▶ **Task statement**:
In the records below, find the line with "- Mate:111: 20-2040_400mm:1" and the line with "- Flush:65: X_CarriageR_V2_0:1". Print both exactly, along with every line between them, and no other line.

-------- Extracted records

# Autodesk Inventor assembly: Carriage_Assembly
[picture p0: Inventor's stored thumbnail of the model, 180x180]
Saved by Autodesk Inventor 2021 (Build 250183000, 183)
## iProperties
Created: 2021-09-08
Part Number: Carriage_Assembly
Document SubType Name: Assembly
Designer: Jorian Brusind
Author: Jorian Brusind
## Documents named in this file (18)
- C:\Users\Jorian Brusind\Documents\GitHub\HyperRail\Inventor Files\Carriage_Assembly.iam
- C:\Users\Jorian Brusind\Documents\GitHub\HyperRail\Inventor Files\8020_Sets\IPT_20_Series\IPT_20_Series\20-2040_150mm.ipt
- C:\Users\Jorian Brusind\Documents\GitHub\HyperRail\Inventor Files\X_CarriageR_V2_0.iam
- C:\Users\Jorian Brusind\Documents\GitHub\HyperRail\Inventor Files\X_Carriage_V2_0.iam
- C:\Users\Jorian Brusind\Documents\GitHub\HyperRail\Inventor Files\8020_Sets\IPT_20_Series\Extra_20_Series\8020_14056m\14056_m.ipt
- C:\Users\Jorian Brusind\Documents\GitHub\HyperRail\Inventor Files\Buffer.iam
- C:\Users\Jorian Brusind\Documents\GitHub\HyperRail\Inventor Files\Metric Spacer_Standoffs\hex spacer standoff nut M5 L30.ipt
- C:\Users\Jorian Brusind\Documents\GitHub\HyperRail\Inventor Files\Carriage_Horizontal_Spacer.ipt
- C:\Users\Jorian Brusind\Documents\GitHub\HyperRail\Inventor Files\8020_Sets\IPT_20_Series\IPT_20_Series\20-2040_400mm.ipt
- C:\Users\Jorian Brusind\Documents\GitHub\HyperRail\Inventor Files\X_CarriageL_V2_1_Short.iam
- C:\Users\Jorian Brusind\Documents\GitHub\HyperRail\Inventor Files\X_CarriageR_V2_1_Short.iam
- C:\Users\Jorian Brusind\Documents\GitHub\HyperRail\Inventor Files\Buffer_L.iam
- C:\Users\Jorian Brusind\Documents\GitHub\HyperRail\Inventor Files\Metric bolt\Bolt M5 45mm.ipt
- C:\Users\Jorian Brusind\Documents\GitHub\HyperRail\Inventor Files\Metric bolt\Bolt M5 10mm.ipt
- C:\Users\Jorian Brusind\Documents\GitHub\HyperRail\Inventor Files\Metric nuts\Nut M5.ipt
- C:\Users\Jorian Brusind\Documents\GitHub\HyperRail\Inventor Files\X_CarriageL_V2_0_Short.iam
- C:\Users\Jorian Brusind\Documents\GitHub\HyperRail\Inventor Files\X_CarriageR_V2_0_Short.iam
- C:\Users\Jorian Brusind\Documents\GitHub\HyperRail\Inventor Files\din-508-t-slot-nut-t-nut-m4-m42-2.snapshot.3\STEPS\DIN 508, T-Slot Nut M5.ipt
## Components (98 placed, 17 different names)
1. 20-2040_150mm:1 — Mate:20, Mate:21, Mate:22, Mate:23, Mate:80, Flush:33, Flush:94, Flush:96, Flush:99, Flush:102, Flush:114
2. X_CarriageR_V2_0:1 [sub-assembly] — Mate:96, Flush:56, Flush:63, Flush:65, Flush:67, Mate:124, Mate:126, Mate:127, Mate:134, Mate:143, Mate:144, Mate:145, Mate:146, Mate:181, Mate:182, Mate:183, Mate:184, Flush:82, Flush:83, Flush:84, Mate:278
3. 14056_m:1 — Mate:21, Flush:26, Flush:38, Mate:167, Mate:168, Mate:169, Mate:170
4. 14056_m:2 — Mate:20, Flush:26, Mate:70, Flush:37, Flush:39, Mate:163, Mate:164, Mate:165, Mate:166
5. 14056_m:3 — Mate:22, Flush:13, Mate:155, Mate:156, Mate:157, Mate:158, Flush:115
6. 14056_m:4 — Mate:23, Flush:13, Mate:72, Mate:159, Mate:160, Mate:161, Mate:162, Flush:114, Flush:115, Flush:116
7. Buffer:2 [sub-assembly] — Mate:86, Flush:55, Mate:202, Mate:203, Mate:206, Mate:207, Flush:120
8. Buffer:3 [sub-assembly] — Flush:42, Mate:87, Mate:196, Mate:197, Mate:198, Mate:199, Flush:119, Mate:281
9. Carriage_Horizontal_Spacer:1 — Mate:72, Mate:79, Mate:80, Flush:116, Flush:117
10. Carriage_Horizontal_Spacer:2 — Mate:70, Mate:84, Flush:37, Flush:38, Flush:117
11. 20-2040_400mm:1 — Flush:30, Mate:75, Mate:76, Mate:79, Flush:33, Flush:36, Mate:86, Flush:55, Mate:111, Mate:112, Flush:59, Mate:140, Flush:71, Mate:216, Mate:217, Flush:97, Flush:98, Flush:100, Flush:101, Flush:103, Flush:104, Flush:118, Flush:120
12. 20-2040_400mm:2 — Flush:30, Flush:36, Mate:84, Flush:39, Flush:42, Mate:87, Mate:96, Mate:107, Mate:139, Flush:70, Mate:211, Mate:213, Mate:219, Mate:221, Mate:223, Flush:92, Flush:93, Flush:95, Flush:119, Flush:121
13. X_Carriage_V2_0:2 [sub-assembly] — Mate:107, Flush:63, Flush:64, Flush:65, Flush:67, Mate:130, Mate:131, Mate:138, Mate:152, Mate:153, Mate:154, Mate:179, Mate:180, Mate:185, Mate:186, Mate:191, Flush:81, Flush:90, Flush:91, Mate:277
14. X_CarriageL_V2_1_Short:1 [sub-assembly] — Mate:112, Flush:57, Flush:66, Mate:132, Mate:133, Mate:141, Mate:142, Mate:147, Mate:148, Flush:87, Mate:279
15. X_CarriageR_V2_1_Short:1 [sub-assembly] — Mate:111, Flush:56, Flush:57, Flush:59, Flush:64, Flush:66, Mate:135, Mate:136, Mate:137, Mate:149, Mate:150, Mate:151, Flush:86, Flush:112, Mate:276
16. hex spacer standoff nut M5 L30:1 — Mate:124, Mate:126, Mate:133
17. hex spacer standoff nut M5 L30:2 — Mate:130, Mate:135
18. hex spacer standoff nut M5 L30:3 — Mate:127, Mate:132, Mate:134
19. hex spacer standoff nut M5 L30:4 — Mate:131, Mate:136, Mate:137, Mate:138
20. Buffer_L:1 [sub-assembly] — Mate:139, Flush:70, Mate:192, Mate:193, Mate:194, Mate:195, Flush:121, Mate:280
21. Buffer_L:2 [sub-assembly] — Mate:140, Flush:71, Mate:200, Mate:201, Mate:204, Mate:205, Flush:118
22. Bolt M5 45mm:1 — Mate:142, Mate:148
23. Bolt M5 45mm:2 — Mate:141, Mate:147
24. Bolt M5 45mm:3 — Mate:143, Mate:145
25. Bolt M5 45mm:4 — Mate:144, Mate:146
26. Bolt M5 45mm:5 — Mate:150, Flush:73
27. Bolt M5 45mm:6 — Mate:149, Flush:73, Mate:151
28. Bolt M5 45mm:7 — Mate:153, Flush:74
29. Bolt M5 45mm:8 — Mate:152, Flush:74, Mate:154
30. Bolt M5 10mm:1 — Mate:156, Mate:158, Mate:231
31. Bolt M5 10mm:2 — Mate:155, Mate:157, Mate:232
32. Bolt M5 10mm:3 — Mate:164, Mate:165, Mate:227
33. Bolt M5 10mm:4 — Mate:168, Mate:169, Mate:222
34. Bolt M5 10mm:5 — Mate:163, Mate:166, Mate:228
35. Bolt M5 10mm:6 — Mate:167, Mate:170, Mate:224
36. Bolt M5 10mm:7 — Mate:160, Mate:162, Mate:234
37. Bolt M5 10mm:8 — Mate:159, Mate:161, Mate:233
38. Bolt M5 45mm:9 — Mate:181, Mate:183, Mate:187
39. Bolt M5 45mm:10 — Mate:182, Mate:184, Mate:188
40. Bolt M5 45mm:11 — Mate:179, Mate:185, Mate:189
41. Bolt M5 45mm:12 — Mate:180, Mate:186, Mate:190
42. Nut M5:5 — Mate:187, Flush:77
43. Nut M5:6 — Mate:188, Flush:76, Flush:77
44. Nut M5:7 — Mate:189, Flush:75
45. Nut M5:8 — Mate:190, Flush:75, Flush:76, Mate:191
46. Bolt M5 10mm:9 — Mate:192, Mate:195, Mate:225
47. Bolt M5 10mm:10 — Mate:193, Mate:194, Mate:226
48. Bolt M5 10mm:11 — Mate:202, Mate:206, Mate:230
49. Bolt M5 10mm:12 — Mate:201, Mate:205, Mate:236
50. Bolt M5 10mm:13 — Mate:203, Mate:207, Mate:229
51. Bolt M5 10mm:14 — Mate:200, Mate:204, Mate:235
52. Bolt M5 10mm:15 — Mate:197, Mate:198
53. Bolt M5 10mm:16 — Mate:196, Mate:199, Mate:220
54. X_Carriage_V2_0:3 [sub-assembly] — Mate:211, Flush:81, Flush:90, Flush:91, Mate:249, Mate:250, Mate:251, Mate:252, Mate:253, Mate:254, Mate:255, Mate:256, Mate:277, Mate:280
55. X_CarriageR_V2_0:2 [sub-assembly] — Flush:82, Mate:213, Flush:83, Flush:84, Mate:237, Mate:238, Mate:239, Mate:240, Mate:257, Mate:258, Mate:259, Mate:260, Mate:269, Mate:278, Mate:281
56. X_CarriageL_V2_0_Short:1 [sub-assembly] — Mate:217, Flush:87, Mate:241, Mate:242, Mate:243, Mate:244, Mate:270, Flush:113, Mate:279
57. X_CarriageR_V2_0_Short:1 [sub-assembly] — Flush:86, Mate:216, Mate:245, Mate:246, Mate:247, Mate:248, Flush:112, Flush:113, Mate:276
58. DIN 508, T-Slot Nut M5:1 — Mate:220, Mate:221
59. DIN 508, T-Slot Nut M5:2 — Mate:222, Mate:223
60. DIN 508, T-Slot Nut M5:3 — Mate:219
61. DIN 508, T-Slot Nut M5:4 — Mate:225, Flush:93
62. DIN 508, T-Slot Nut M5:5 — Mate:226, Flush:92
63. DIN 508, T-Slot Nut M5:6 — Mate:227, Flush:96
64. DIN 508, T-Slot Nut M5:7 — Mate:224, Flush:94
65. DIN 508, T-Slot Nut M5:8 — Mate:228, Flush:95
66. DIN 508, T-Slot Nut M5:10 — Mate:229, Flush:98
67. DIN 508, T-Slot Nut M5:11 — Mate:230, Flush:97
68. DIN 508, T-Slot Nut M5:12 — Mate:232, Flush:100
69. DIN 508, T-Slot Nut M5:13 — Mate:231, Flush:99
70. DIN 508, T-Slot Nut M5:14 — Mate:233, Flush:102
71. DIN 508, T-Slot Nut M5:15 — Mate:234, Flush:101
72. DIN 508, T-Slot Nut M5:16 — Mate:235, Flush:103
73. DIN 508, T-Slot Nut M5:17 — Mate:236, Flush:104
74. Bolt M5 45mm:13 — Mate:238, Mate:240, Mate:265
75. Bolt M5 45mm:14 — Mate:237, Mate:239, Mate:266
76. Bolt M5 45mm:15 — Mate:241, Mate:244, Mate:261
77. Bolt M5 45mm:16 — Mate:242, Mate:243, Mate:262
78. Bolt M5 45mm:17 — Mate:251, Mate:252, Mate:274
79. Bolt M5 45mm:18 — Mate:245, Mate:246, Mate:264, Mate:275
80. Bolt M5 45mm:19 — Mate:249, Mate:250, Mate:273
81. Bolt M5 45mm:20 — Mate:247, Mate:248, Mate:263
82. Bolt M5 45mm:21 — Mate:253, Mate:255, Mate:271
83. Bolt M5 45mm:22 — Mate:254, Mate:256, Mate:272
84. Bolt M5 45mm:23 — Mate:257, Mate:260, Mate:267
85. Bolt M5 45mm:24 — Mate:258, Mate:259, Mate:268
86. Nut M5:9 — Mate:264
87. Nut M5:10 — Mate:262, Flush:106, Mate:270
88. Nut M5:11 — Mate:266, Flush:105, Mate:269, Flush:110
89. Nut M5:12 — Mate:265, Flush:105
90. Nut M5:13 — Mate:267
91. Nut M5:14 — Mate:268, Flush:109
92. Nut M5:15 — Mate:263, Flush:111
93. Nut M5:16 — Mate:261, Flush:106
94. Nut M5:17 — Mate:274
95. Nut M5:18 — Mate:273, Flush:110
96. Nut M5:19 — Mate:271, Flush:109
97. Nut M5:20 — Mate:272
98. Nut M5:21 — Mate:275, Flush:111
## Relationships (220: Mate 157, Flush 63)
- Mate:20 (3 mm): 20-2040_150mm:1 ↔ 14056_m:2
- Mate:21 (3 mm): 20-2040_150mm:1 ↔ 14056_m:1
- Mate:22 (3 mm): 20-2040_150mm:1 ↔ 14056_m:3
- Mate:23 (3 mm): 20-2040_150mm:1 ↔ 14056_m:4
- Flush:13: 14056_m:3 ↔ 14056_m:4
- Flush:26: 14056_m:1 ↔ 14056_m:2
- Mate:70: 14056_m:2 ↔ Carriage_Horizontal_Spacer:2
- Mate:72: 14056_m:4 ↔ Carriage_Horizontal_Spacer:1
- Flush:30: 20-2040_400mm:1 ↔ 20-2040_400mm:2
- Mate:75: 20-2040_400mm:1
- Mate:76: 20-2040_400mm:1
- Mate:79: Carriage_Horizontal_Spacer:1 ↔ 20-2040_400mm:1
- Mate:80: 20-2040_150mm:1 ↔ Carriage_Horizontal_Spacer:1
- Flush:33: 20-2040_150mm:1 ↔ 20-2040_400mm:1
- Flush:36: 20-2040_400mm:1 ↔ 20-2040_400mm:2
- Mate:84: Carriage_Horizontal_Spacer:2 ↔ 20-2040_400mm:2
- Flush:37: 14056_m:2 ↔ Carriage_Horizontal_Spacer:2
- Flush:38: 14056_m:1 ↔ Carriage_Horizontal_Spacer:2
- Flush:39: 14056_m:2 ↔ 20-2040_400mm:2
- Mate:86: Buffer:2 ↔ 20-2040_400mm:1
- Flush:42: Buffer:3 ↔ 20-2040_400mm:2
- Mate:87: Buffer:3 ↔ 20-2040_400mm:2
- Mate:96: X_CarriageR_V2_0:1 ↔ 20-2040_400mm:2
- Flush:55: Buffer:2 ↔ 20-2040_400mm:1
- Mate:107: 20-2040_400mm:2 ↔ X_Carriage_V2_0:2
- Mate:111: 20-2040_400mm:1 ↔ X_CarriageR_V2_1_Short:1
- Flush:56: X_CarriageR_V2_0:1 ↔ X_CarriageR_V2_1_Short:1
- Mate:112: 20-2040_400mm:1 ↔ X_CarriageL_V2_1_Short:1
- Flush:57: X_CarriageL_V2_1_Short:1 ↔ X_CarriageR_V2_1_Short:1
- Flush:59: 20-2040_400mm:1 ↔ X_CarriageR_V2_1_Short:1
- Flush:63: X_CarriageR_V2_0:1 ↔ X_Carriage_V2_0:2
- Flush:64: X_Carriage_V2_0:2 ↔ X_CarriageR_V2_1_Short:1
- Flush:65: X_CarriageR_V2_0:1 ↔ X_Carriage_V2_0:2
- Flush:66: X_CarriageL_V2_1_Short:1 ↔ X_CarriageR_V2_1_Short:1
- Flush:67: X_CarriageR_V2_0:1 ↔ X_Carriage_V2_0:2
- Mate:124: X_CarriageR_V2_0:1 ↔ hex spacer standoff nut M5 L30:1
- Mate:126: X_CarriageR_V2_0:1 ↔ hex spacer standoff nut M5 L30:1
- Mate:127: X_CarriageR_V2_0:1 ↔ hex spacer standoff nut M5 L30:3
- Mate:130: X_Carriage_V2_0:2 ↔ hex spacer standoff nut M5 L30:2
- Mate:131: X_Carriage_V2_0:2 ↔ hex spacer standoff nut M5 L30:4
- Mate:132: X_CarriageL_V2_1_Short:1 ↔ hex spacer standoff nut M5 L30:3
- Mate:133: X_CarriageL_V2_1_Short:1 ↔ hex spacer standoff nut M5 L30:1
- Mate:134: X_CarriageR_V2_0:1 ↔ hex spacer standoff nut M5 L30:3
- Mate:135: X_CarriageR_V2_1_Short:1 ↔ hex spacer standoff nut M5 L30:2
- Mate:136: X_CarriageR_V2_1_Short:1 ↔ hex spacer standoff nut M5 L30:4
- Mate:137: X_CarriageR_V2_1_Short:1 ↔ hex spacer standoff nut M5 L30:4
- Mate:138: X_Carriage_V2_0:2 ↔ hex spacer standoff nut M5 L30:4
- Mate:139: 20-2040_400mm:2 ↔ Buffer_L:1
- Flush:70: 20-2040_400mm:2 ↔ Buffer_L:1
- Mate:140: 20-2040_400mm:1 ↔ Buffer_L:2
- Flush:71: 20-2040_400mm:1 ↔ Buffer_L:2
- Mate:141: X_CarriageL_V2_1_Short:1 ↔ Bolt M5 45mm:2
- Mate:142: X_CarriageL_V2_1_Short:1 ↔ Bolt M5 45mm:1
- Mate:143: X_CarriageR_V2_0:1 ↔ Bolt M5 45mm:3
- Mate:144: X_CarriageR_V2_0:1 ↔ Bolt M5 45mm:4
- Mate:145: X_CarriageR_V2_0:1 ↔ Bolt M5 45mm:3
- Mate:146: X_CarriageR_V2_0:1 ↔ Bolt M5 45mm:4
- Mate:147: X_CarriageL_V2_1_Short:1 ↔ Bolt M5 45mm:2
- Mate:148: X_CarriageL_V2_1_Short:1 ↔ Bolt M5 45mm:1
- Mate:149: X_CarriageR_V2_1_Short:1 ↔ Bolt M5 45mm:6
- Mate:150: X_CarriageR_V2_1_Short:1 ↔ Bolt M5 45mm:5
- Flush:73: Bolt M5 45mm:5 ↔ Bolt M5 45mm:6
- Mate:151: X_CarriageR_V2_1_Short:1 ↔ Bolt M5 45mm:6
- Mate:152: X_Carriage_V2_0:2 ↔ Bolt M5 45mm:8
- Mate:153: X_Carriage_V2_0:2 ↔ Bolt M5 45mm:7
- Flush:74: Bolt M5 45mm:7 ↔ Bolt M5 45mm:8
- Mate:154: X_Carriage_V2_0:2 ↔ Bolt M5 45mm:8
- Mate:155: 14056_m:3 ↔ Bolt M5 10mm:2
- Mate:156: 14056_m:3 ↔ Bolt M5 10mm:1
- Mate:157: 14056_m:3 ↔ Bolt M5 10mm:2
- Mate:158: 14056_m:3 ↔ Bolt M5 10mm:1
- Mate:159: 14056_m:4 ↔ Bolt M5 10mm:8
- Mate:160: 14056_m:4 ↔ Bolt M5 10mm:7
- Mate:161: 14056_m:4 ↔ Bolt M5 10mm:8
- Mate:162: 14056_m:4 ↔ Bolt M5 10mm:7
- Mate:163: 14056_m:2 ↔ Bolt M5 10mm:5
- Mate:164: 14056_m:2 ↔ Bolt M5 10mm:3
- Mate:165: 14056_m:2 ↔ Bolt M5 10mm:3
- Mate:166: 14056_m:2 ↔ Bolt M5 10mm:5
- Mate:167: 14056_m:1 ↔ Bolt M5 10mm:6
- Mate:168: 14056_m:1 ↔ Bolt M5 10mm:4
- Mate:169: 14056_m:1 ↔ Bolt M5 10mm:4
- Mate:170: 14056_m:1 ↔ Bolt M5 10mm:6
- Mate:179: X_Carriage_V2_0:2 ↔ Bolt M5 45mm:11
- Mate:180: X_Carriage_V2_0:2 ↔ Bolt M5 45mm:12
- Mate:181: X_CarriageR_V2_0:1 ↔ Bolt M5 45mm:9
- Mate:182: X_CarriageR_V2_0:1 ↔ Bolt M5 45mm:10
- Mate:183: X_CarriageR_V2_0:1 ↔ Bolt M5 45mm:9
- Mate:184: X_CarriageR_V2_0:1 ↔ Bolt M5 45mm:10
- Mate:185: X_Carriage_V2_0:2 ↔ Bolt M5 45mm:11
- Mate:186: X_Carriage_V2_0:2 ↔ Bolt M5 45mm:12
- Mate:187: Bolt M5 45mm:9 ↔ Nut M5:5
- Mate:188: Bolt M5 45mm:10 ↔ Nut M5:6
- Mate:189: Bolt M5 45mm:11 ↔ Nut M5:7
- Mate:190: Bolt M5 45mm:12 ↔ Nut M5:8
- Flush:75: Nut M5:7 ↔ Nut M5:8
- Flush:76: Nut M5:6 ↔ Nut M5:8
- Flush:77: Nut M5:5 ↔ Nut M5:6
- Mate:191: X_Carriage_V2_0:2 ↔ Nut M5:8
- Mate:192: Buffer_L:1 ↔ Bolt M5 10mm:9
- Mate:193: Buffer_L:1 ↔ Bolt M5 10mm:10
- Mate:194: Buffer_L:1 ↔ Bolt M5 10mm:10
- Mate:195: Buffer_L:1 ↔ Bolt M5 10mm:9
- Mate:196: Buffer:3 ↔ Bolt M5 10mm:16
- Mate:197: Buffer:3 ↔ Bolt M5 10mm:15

----------------

▶ **Solution to the exercise**:
- Mate:111: 20-2040_400mm:1 ↔ X_CarriageR_V2_1_Short:1
- Flush:56: X_CarriageR_V2_0:1 ↔ X_CarriageR_V2_1_Short:1
- Mate:112: 20-2040_400mm:1 ↔ X_CarriageL_V2_1_Short:1
- Flush:57: X_CarriageL_V2_1_Short:1 ↔ X_CarriageR_V2_1_Short:1
- Flush:59: 20-2040_400mm:1 ↔ X_CarriageR_V2_1_Short:1
- Flush:63: X_CarriageR_V2_0:1 ↔ X_Carriage_V2_0:2
- Flush:64: X_Carriage_V2_0:2 ↔ X_CarriageR_V2_1_Short:1
- Flush:65: X_CarriageR_V2_0:1 ↔ X_Carriage_V2_0:2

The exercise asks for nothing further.